What is the whole story? Mizuho analysts upgraded Twilio ahead of the January 23rd Investor Day. They cited three reasons: meaningful top-line stabilization and better revenue visibility, significant operating margin improvement, and the potential for a new share buy-back announcement. Analysts believe that greater clarity on these drivers will support share outperformance.
Analysts foresee significant upside potential in Twilio’s non-GAAP operational income estimates for 2025 and beyond. They project 10% and 15% upside in 2025 and 2026, respectively, due to the Segment reaching breakeven, operational leverage in core communications, and the end of a cash bonus program. In addition, they emphasized that management compensation tied to operating profit targets and better tracking of free cash flow will contribute to raising the long-term operating margin target to 22% in the coming Investment Day. .
McDonald’s
What happened? On Friday, Citi upgraded McDonald’s (NYSE: ) to Buy with a price target of $334.
*TLDR: McDonald’s to use the scale in 2025. Analysts predict growth.

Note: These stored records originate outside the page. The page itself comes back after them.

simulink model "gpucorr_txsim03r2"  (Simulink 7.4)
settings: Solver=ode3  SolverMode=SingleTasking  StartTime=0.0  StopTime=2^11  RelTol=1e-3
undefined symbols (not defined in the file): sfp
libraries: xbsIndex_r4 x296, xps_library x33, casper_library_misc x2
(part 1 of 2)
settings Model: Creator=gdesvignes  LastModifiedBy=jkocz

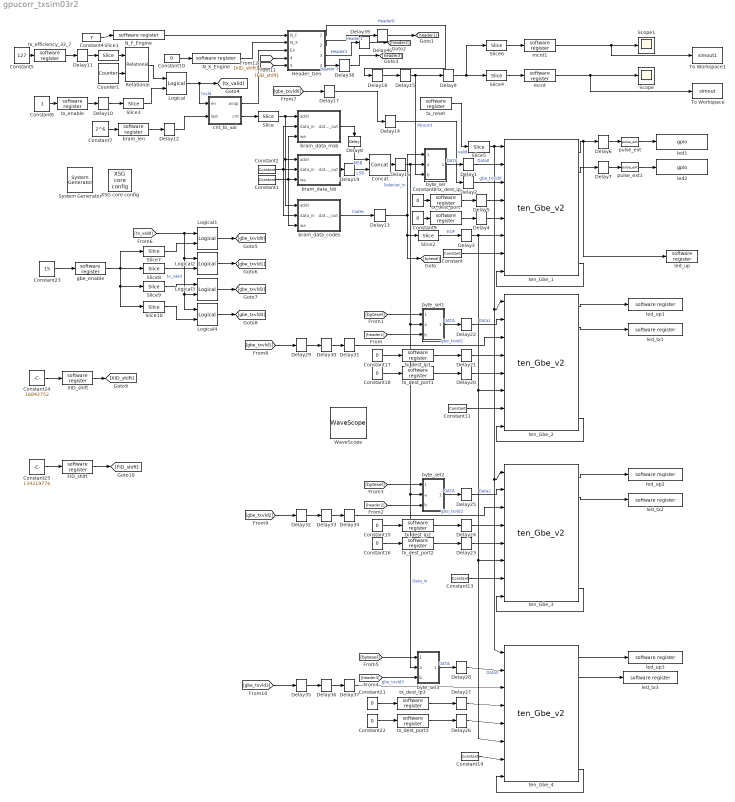
== system gpucorr_txsim03r2 ==
  " System Generator" : xbsIndex_r4/ System Generator  Tag=genX  SystemSampleTime=-1  xilinxfamily=virtex6  part=xc6vsx475t  speed=-1  package=ff1759  synthesis_tool=XST  clock_wrapper=Clock Enables  directory=./gpucorr_txsim03r2/sysgen  testbench=off  simulink_period=1  sysclk_period=5  dcm_input_clock_period=100  incr_netlist=off  trim_vbits=Everywhere in SubSystem  dbl_ovrd=According to Block Masks  core_generation=According to Block Masks  run_coregen=off  deprecated_control=off  eval_field=0  block_type=sysgen
      settings: block_version=11.4
  Concat : xbsIndex_r4/Concat  num_inputs=2  dbl_ovrd=off  block_type=concat
  Constant{,1,11,13,19} (5 alike) : xbsIndex_r4/Constant  arith_type=Boolean  const=0  n_bits=16  bin_pt=14  explicit_period=off  period=1  equ=P=C  opselect=C  inp2=PCIN>>17  opr=+  inp1=P  carry=CIN  dbl_ovrd=off  block_type=constant
      settings: block_version=11.4
  Constant{8..10,15..18,21..22} (9 alike) : Constant  Value=0
  Constant2 : xbsIndex_r4/Constant  arith_type=Unsigned  const=0  n_bits=32  bin_pt=0  explicit_period=off  period=1  equ=P=C  opselect=C  inp2=PCIN>>17  opr=+  inp1=P  carry=CIN  dbl_ovrd=off  block_type=constant
      settings: block_version=11.4
  Constant23 : Constant  Value=15
  Constant24 : Constant  Value=16842752
  Constant25 : Constant  Value=134219776
  Constant4 : Constant  Value=7
  Constant5 : Constant  Value=127
  Constant6 : Constant
  Constant7 : Constant  Value=2^6
  Counter1 : xbsIndex_r4/Counter  cnt_type=Free Running  cnt_to=Inf  operation=Up  start_count=0  cnt_by_val=1  arith_type=Unsigned  n_bits=7  bin_pt=0  load_pin=off  rst=off  en=off  explicit_period=on  period=1  dbl_ovrd=off  use_behavioral_HDL=off  implementation=Fabric  block_type=counter
      settings: block_version=11.4
  Delay{1..3,8,15,19,22,25,28,31,34,37..40} (15 alike) : xbsIndex_r4/Delay  en=off  latency=1  dbl_ovrd=off  reg_retiming=off  block_type=delay
      settings: block_version=11.4
  Delay{4..7,9..12,14,16..18,20..21,23..24,26..27,29..30,32..33,35..36} (24 alike) : xbsIndex_r4/Delay  en=off  latency=2  dbl_ovrd=off  reg_retiming=off  block_type=delay
      settings: block_version=11.4
  Delay13 : xbsIndex_r4/Delay  en=off  latency=3  dbl_ovrd=off  reg_retiming=off  block_type=delay
      settings: block_version=11.4
  FID_shift : xps_library/software register  Tag=xps:sw_reg  SystemSampleTime=-1  io_dir=From Processor  arith_type=Unsigned  bitwidth=32  bin_pt=0  sample_period=1  gw_name=gpucorr_txsim03r2_FID_shift_user_data_out
      link override gpucorr_txsim_tx_enable_user_data_out: arith_type=Unsigned  n_bits=32  bin_pt=0  period=1
  Header_Gen : Subsystem
  Logical{,1..4} (5 alike) : xbsIndex_r4/Logical  logical_function=AND  inputs=2  en=off  latency=0  precision=Full  arith_type=Unsigned  n_bits=16  bin_pt=0  align_bp=on  dbl_ovrd=off  block_type=logical
      settings: block_version=11.4
  N_F_Engine : xps_library/software register  Tag=xps:sw_reg  SystemSampleTime=-1  io_dir=From Processor  arith_type=Unsigned  bitwidth=32  bin_pt=0  sample_period=1  gw_name=gpucorr_txsim03r2_N_F_Engine_user_data_out
      link override gpucorr_txsim_N_F_Engine_user_data_out: arith_type=Unsigned  n_bits=32  bin_pt=0  period=1
  N_X_Engine : xps_library/software register  Tag=xps:sw_reg  SystemSampleTime=-1  io_dir=From Processor  arith_type=Unsigned  bitwidth=32  bin_pt=0  sample_period=1  gw_name=gpucorr_txsim03r2_N_X_Engine_user_data_out
      link override gpucorr_txsim_N_X_Engine_user_data_out: arith_type=Unsigned  n_bits=32  bin_pt=0  period=1
  Relational : xbsIndex_r4/Relational  mode=a>b  en=off  latency=1  dbl_ovrd=off  block_type=relational
  Scope : Scope
  Scope1 : Scope
      settings: TimeRange=100  YMin=-1  YMax=1
  Slice : xbsIndex_r4/Slice  nbits=15  boolean_output=off  mode=Lower Bit Location + Width  bit1=0  base1=MSB of Input  bit0=0  base0=LSB of Input  dbl_ovrd=off  block_type=slice
  Slice1 : xbsIndex_r4/Slice  nbits=7  boolean_output=off  mode=Lower Bit Location + Width  bit1=0  base1=MSB of Input  bit0=0  base0=LSB of Input  dbl_ovrd=off  block_type=slice
  Slice10 : xbsIndex_r4/Slice  nbits=15  boolean_output=on  mode=Lower Bit Location + Width  bit1=0  base1=MSB of Input  bit0=3  base0=LSB of Input  dbl_ovrd=off  block_type=slice
  Slice2 : xbsIndex_r4/Slice  nbits=15  boolean_output=on  mode=Upper Bit Location + Width  bit1=0  base1=MSB of Input  bit0=0  base0=LSB of Input  dbl_ovrd=off  block_type=slice
  Slice3 : xbsIndex_r4/Slice  nbits=15  boolean_output=on  mode=Lower Bit Location + Width  bit1=0  base1=MSB of Input  bit0=0  base0=LSB of Input  dbl_ovrd=off  block_type=slice
  Slice4 : xbsIndex_r4/Slice  nbits=32  boolean_output=off  mode=Lower Bit Location + Width  bit1=0  base1=MSB of Input  bit0=0  base0=LSB of Input  dbl_ovrd=off  block_type=slice
  Slice5 : xbsIndex_r4/Slice  nbits=15  boolean_output=on  mode=Lower Bit Location + Width  bit1=0  base1=MSB of Input  bit0=0  base0=LSB of Input  dbl_ovrd=off  block_type=slice
  Slice6 : xbsIndex_r4/Slice  nbits=32  boolean_output=off  mode=Upper Bit Location + Width  bit1=0  base1=MSB of Input  bit0=0  base0=MSB of Input  dbl_ovrd=off  block_type=slice
  Slice7 : xbsIndex_r4/Slice  nbits=15  boolean_output=on  mode=Lower Bit Location + Width  bit1=0  base1=MSB of Input  bit0=0  base0=LSB of Input  dbl_ovrd=off  block_type=slice
  Slice8 : xbsIndex_r4/Slice  nbits=15  boolean_output=on  mode=Lower Bit Location + Width  bit1=0  base1=MSB of Input  bit0=1  base0=LSB of Input  dbl_ovrd=off  block_type=slice
  Slice9 : xbsIndex_r4/Slice  nbits=15  boolean_output=on  mode=Lower Bit Location + Width  bit1=0  base1=MSB of Input  bit0=2  base0=LSB of Input  dbl_ovrd=off  block_type=slice
  To Workspace : ToWorkspace  VariableName=simout  SampleTime=-1  SaveFormat=Structure
  To Workspace1 : ToWorkspace  VariableName=simout1  SampleTime=-1  SaveFormat=Structure
  WaveScope : xbsIndex_r4/WaveScope  block_type=wavescope
      settings: block_version=11.4
  XID_shift : xps_library/software register  Tag=xps:sw_reg  SystemSampleTime=-1  io_dir=From Processor  arith_type=Unsigned  bitwidth=32  bin_pt=0  sample_period=1  gw_name=gpucorr_txsim03r2_XID_shift_user_data_out
      link override gpucorr_txsim_tx_enable_user_data_out: arith_type=Unsigned  n_bits=32  bin_pt=0  period=1
  XSG core config : xps_library/XSG core config  Tag=xps:xsg  SystemSampleTime=-1  hw_sys=ROACH2:sx475t  clk_src=sys_clk  ROACH_clk_src=sys_clk2x  ROACH2_clk_src=sys_clk  clk_rate=200  sample_period=1  synthesis_tool=XST
  bram_data_codes : Subsystem  Tag=xps:bram  AncestorBlock=xps_library/Shared BRAM  mask{arith_type=Unsigned, addr_width=12, data_width=32, data_bin_pt=0, init_vals=[255,2147483648], sample_rate=1}
      mask prompts: arith_type "Output Data Type"; addr_width "Address width"; data_width "Data Width"; data_bin_pt "Data Binary Point"; init_vals "Initial 32-bit values (simulation only)"; sample_rate "Sample rate"
      mask init:
      | shared_bram_mask;
      mask StyleString: popup(Unsigned|Signed  (2's comp)),edit,popup(8|16|32|64|128),edit,edit,edit
  bram_data_lsb : Subsystem  Tag=xps:bram  AncestorBlock=xps_library/Shared BRAM  mask{arith_type=Unsigned, addr_width=12, data_width=32, data_bin_pt=0, init_vals=[216,212,216], sample_rate=1}
      mask prompts: arith_type "Output Data Type"; addr_width "Address width"; data_width "Data Width"; data_bin_pt "Data Binary Point"; init_vals "Initial 32-bit values (simulation only)"; sample_rate "Sample rate"
      mask init:
      | shared_bram_mask;
      mask StyleString: popup(Unsigned|Signed  (2's comp)),edit,popup(8|16|32|64|128),edit,edit,edit
  bram_data_msb : Subsystem  Tag=xps:bram  AncestorBlock=xps_library/Shared BRAM  mask{arith_type=Unsigned, addr_width=12, data_width=32, data_bin_pt=0, init_vals=[116,112,116], sample_rate=1}
      mask prompts: arith_type "Output Data Type"; addr_width "Address width"; data_width "Data Width"; data_bin_pt "Data Binary Point"; init_vals "Initial 32-bit values (simulation only)"; sample_rate "Sample rate"
      mask init:
      | shared_bram_mask;
      mask StyleString: popup(Unsigned|Signed  (2's comp)),edit,popup(8|16|32|64|128),edit,edit,edit
  bram_len : xps_library/software register  Tag=xps:sw_reg  SystemSampleTime=-1  io_dir=From Processor  arith_type=Unsigned  bitwidth=32  bin_pt=0  sample_period=1  gw_name=gpucorr_txsim03r2_bram_len_user_data_out
      link override gpucorr_txsim_bram_len_user_data_out: arith_type=Unsigned  n_bits=32  bin_pt=0  period=1
  byte_sel : Subsystem
  byte_sel1 : Subsystem
  byte_sel2 : Subsystem
  byte_sel3 : Subsystem
  cnt_to_val : Subsystem
  gbe_enable : xps_library/software register  Tag=xps:sw_reg  SystemSampleTime=-1  io_dir=From Processor  arith_type=Unsigned  bitwidth=32  bin_pt=0  sample_period=1  gw_name=gpucorr_txsim03r2_gbe_enable_user_data_out
      link override gpucorr_txsim_tx_enable_user_data_out: arith_type=Unsigned  n_bits=32  bin_pt=0  period=1
  led1 : xps_library/gpio  Tag=xps:gpio  SystemSampleTime=-1  io_group=ROACH:led  io_dir=out  arith_type=Boolean  bitwidth=1  bin_pt=0  bit_index=1  sample_period=1  use_single_ended=off  use_ddr=off  reg_iob=on  reg_clk_phase=0  termination=None
      link override convert: arith_type=Boolean  n_bits=1  bin_pt=0
  led2 : xps_library/gpio  Tag=xps:gpio  SystemSampleTime=-1  io_group=ROACH:led  io_dir=out  arith_type=Boolean  bitwidth=1  bin_pt=0  bit_index=2  sample_period=1  use_single_ended=off  use_ddr=off  reg_iob=on  reg_clk_phase=0  termination=None
      link override convert: arith_type=Boolean  n_bits=1  bin_pt=0
  led_tx1 : xps_library/software register  Tag=xps:sw_reg  SystemSampleTime=-1  io_dir=To Processor  arith_type=Unsigned  bitwidth=32  bin_pt=0  sample_period=1  gw_name=gpucorr_txsim03r2_led_tx1_user_data_in
      link override convert: arith_type=Unsigned  n_bits=32  bin_pt=0
  led_tx2 : xps_library/software register  Tag=xps:sw_reg  SystemSampleTime=-1  io_dir=To Processor  arith_type=Unsigned  bitwidth=32  bin_pt=0  sample_period=1  gw_name=gpucorr_txsim03r2_led_tx2_user_data_in
      link override convert: arith_type=Unsigned  n_bits=32  bin_pt=0
  led_tx3 : xps_library/software register  Tag=xps:sw_reg  SystemSampleTime=-1  io_dir=To Processor  arith_type=Unsigned  bitwidth=32  bin_pt=0  sample_period=1  gw_name=gpucorr_txsim03r2_led_tx3_user_data_in
      link override convert: arith_type=Unsigned  n_bits=32  bin_pt=0
  led_up : xps_library/software register  Tag=xps:sw_reg  SystemSampleTime=-1  io_dir=To Processor  arith_type=Unsigned  bitwidth=32  bin_pt=0  sample_period=1  gw_name=gpucorr_txsim03r2_led_up_user_data_in
      link override convert: arith_type=Unsigned  n_bits=32  bin_pt=0
  led_up1 : xps_library/software register  Tag=xps:sw_reg  SystemSampleTime=-1  io_dir=To Processor  arith_type=Unsigned  bitwidth=32  bin_pt=0  sample_period=1  gw_name=gpucorr_txsim03r2_led_up1_user_data_in
      link override convert: arith_type=Unsigned  n_bits=32  bin_pt=0
  led_up2 : xps_library/software register  Tag=xps:sw_reg  SystemSampleTime=-1  io_dir=To Processor  arith_type=Unsigned  bitwidth=32  bin_pt=0  sample_period=1  gw_name=gpucorr_txsim03r2_led_up2_user_data_in
      link override convert: arith_type=Unsigned  n_bits=32  bin_pt=0
  led_up3 : xps_library/software register  Tag=xps:sw_reg  SystemSampleTime=-1  io_dir=To Processor  arith_type=Unsigned  bitwidth=32  bin_pt=0  sample_period=1  gw_name=gpucorr_txsim03r2_led_up3_user_data_in
      link override convert: arith_type=Unsigned  n_bits=32  bin_pt=0
  mcnt : xps_library/software register  Tag=xps:sw_reg  SystemSampleTime=-1  io_dir=To Processor  arith_type=Unsigned  bitwidth=32  bin_pt=0  sample_period=1  gw_name=gpucorr_txsim03r2_mcnt_user_data_in
      link override convert: arith_type=Unsigned  n_bits=32  bin_pt=0
  mcnt1 : xps_library/software register  Tag=xps:sw_reg  SystemSampleTime=-1  io_dir=To Processor  arith_type=Unsigned  bitwidth=32  bin_pt=0  sample_period=1  gw_name=gpucorr_txsim03r2_mcnt1_user_data_in
      link override convert: arith_type=Unsigned  n_bits=32  bin_pt=0
  pulse_ext : casper_library_misc/pulse_ext  SystemSampleTime=-1  pulse_len=5
  pulse_ext1 : casper_library_misc/pulse_ext  SystemSampleTime=-1  pulse_len=5
  ten_Gbe_1 : xps_library/ten_Gbe_v2  Tag=xps:tengbe_v2  SystemSampleTime=-1  flavour=sfp+  slot=0  port_r1=0  port_r2_cx4=0  port_r2_sfpp=0  rx_dist_ram=on  large_frames=on  show_param=on  pre_emph_r2=0.74  pre_emph=3  post_emph_r2=0.18  rxeqmix_r2=7  swing_r2=940  swing=800  fab_en=on  fab_mac=hex2dec('123456780000')  fab_ip=192*(2^24) + 168*(2^16) + 5*(2^8) + 20*(2^0)  fab_udp=10000  fab_gate=1  cpu_rx_en=on  cpu_tx_en=on
  ten_Gbe_2 : xps_library/ten_Gbe_v2  Tag=xps:tengbe_v2  SystemSampleTime=-1  flavour=sfp+  slot=0  port_r1=0  port_r2_cx4=0  port_r2_sfpp=1  rx_dist_ram=on  large_frames=on  show_param=on  pre_emph_r2=0.74  pre_emph=3  post_emph_r2=0.18  rxeqmix_r2=7  swing_r2=940  swing=800  fab_en=on  fab_mac=hex2dec('123456789000')  fab_ip=192*(2^24) + 168*(2^16) + 5*(2^8) + 21*(2^0)  fab_udp=10001  fab_gate=1  cpu_rx_en=on  cpu_tx_en=on
  ten_Gbe_3 : xps_library/ten_Gbe_v2  Tag=xps:tengbe_v2  SystemSampleTime=-1  flavour=sfp+  slot=0  port_r1=0  port_r2_cx4=0  port_r2_sfpp=2  rx_dist_ram=on  large_frames=on  show_param=on  pre_emph_r2=0.74  pre_emph=3  post_emph_r2=0.18  rxeqmix_r2=7  swing_r2=940  swing=800  fab_en=on  fab_mac=hex2dec('123456780900')  fab_ip=192*(2^24) + 168*(2^16) + 5*(2^8) + 22*(2^0)  fab_udp=10002  fab_gate=1  cpu_rx_en=on  cpu_tx_en=on
  ten_Gbe_4 : xps_library/ten_Gbe_v2  Tag=xps:tengbe_v2  SystemSampleTime=-1  flavour=sfp+  slot=0  port_r1=0  port_r2_cx4=0  port_r2_sfpp=3  rx_dist_ram=on  large_frames=on  show_param=on  pre_emph_r2=0.74  pre_emph=3  post_emph_r2=0.18  rxeqmix_r2=7  swing_r2=940  swing=800  fab_en=on  fab_mac=hex2dec('123456780090')  fab_ip=192*(2^24) + 168*(2^16) + 5*(2^8) + 23*(2^0)  fab_udp=10003  fab_gate=1  cpu_rx_en=on  cpu_tx_en=on
  tx_dest_ip : xps_library/software register  Tag=xps:sw_reg  SystemSampleTime=-1  io_dir=From Processor  arith_type=Unsigned  bitwidth=32  bin_pt=0  sample_period=1  gw_name=gpucorr_txsim03r2_tx_dest_ip_user_data_out
      link override gpucorr_txsim_tx_dest_ip_user_data_out: arith_type=Unsigned  n_bits=32  bin_pt=0  period=1
  tx_dest_ip1 : xps_library/software register  Tag=xps:sw_reg  SystemSampleTime=-1  io_dir=From Processor  arith_type=Unsigned  bitwidth=32  bin_pt=0  sample_period=1  gw_name=gpucorr_txsim03r2_tx_dest_ip1_user_data_out
      link override gpucorr_txsim_tx_dest_ip_user_data_out: arith_type=Unsigned  n_bits=32  bin_pt=0  period=1
  tx_dest_ip2 : xps_library/software register  Tag=xps:sw_reg  SystemSampleTime=-1  io_dir=From Processor  arith_type=Unsigned  bitwidth=32  bin_pt=0  sample_period=1  gw_name=gpucorr_txsim03r2_tx_dest_ip2_user_data_out
      link override gpucorr_txsim_tx_dest_ip_user_data_out: arith_type=Unsigned  n_bits=32  bin_pt=0  period=1
  tx_dest_ip3 : xps_library/software register  Tag=xps:sw_reg  SystemSampleTime=-1  io_dir=From Processor  arith_type=Unsigned  bitwidth=32  bin_pt=0  sample_period=1  gw_name=gpucorr_txsim03r2_tx_dest_ip3_user_data_out
      link override gpucorr_txsim_tx_dest_ip_user_data_out: arith_type=Unsigned  n_bits=32  bin_pt=0  period=1
  tx_dest_port : xps_library/software register  Tag=xps:sw_reg  SystemSampleTime=-1  io_dir=From Processor  arith_type=Unsigned  bitwidth=32  bin_pt=0  sample_period=1  gw_name=gpucorr_txsim03r2_tx_dest_port_user_data_out
      link override gpucorr_txsim_tx_dest_port_user_data_out: arith_type=Unsigned  n_bits=32  bin_pt=0  period=1
  tx_dest_port1 : xps_library/software register  Tag=xps:sw_reg  SystemSampleTime=-1  io_dir=From Processor  arith_type=Unsigned  bitwidth=32  bin_pt=0  sample_period=1  gw_name=gpucorr_txsim03r2_tx_dest_port1_user_data_out
      link override gpucorr_txsim_tx_dest_port_user_data_out: arith_type=Unsigned  n_bits=32  bin_pt=0  period=1
  tx_dest_port2 : xps_library/software register  Tag=xps:sw_reg  SystemSampleTime=-1  io_dir=From Processor  arith_type=Unsigned  bitwidth=32  bin_pt=0  sample_period=1  gw_name=gpucorr_txsim03r2_tx_dest_port2_user_data_out
      link override gpucorr_txsim_tx_dest_port_user_data_out: arith_type=Unsigned  n_bits=32  bin_pt=0  period=1
  tx_dest_port3 : xps_library/software register  Tag=xps:sw_reg  SystemSampleTime=-1  io_dir=From Processor  arith_type=Unsigned  bitwidth=32  bin_pt=0  sample_period=1  gw_name=gpucorr_txsim03r2_tx_dest_port3_user_data_out
      link override gpucorr_txsim_tx_dest_port_user_data_out: arith_type=Unsigned  n_bits=32  bin_pt=0  period=1
  tx_efficiency_32_7 : xps_library/software register  Tag=xps:sw_reg  SystemSampleTime=-1  io_dir=From Processor  arith_type=Unsigned  bitwidth=32  bin_pt=0  sample_period=1  gw_name=gpucorr_txsim03r2_tx_efficiency_32_7_user_data_out
      link override gpucorr_txsim_tx_efficiency_32_7_user_data_out: arith_type=Unsigned  n_bits=32  bin_pt=0  period=1
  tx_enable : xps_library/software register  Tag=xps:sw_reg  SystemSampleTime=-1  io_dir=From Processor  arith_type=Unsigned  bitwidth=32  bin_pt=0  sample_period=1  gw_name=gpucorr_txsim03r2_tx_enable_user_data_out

What is the whole story? Citi analysts estimate that McDonald’s will use its scale advantages by 2025 to drive share gains in key markets and recover margins and EBIT growth. They believe that MCD has responded to the challenge of national value by allowing franchisees to use base item prices to manage profits, and they expect national advertising in 2025 to win back lost opportunities, which fueled 3%+ growth in the US comp and substantial expansion.
Analysts see growth in US sales and share profits driven by a renewed value platform, national messaging, new products, and effective app usage. They highlight greater real estate control, better franchisee demand, and Chinese influence as factors contributing to higher visibility of top-line growth. Despite the challenges outside the US, they expect to improve consumer conditions and share the gains in 2025 based on value strategies.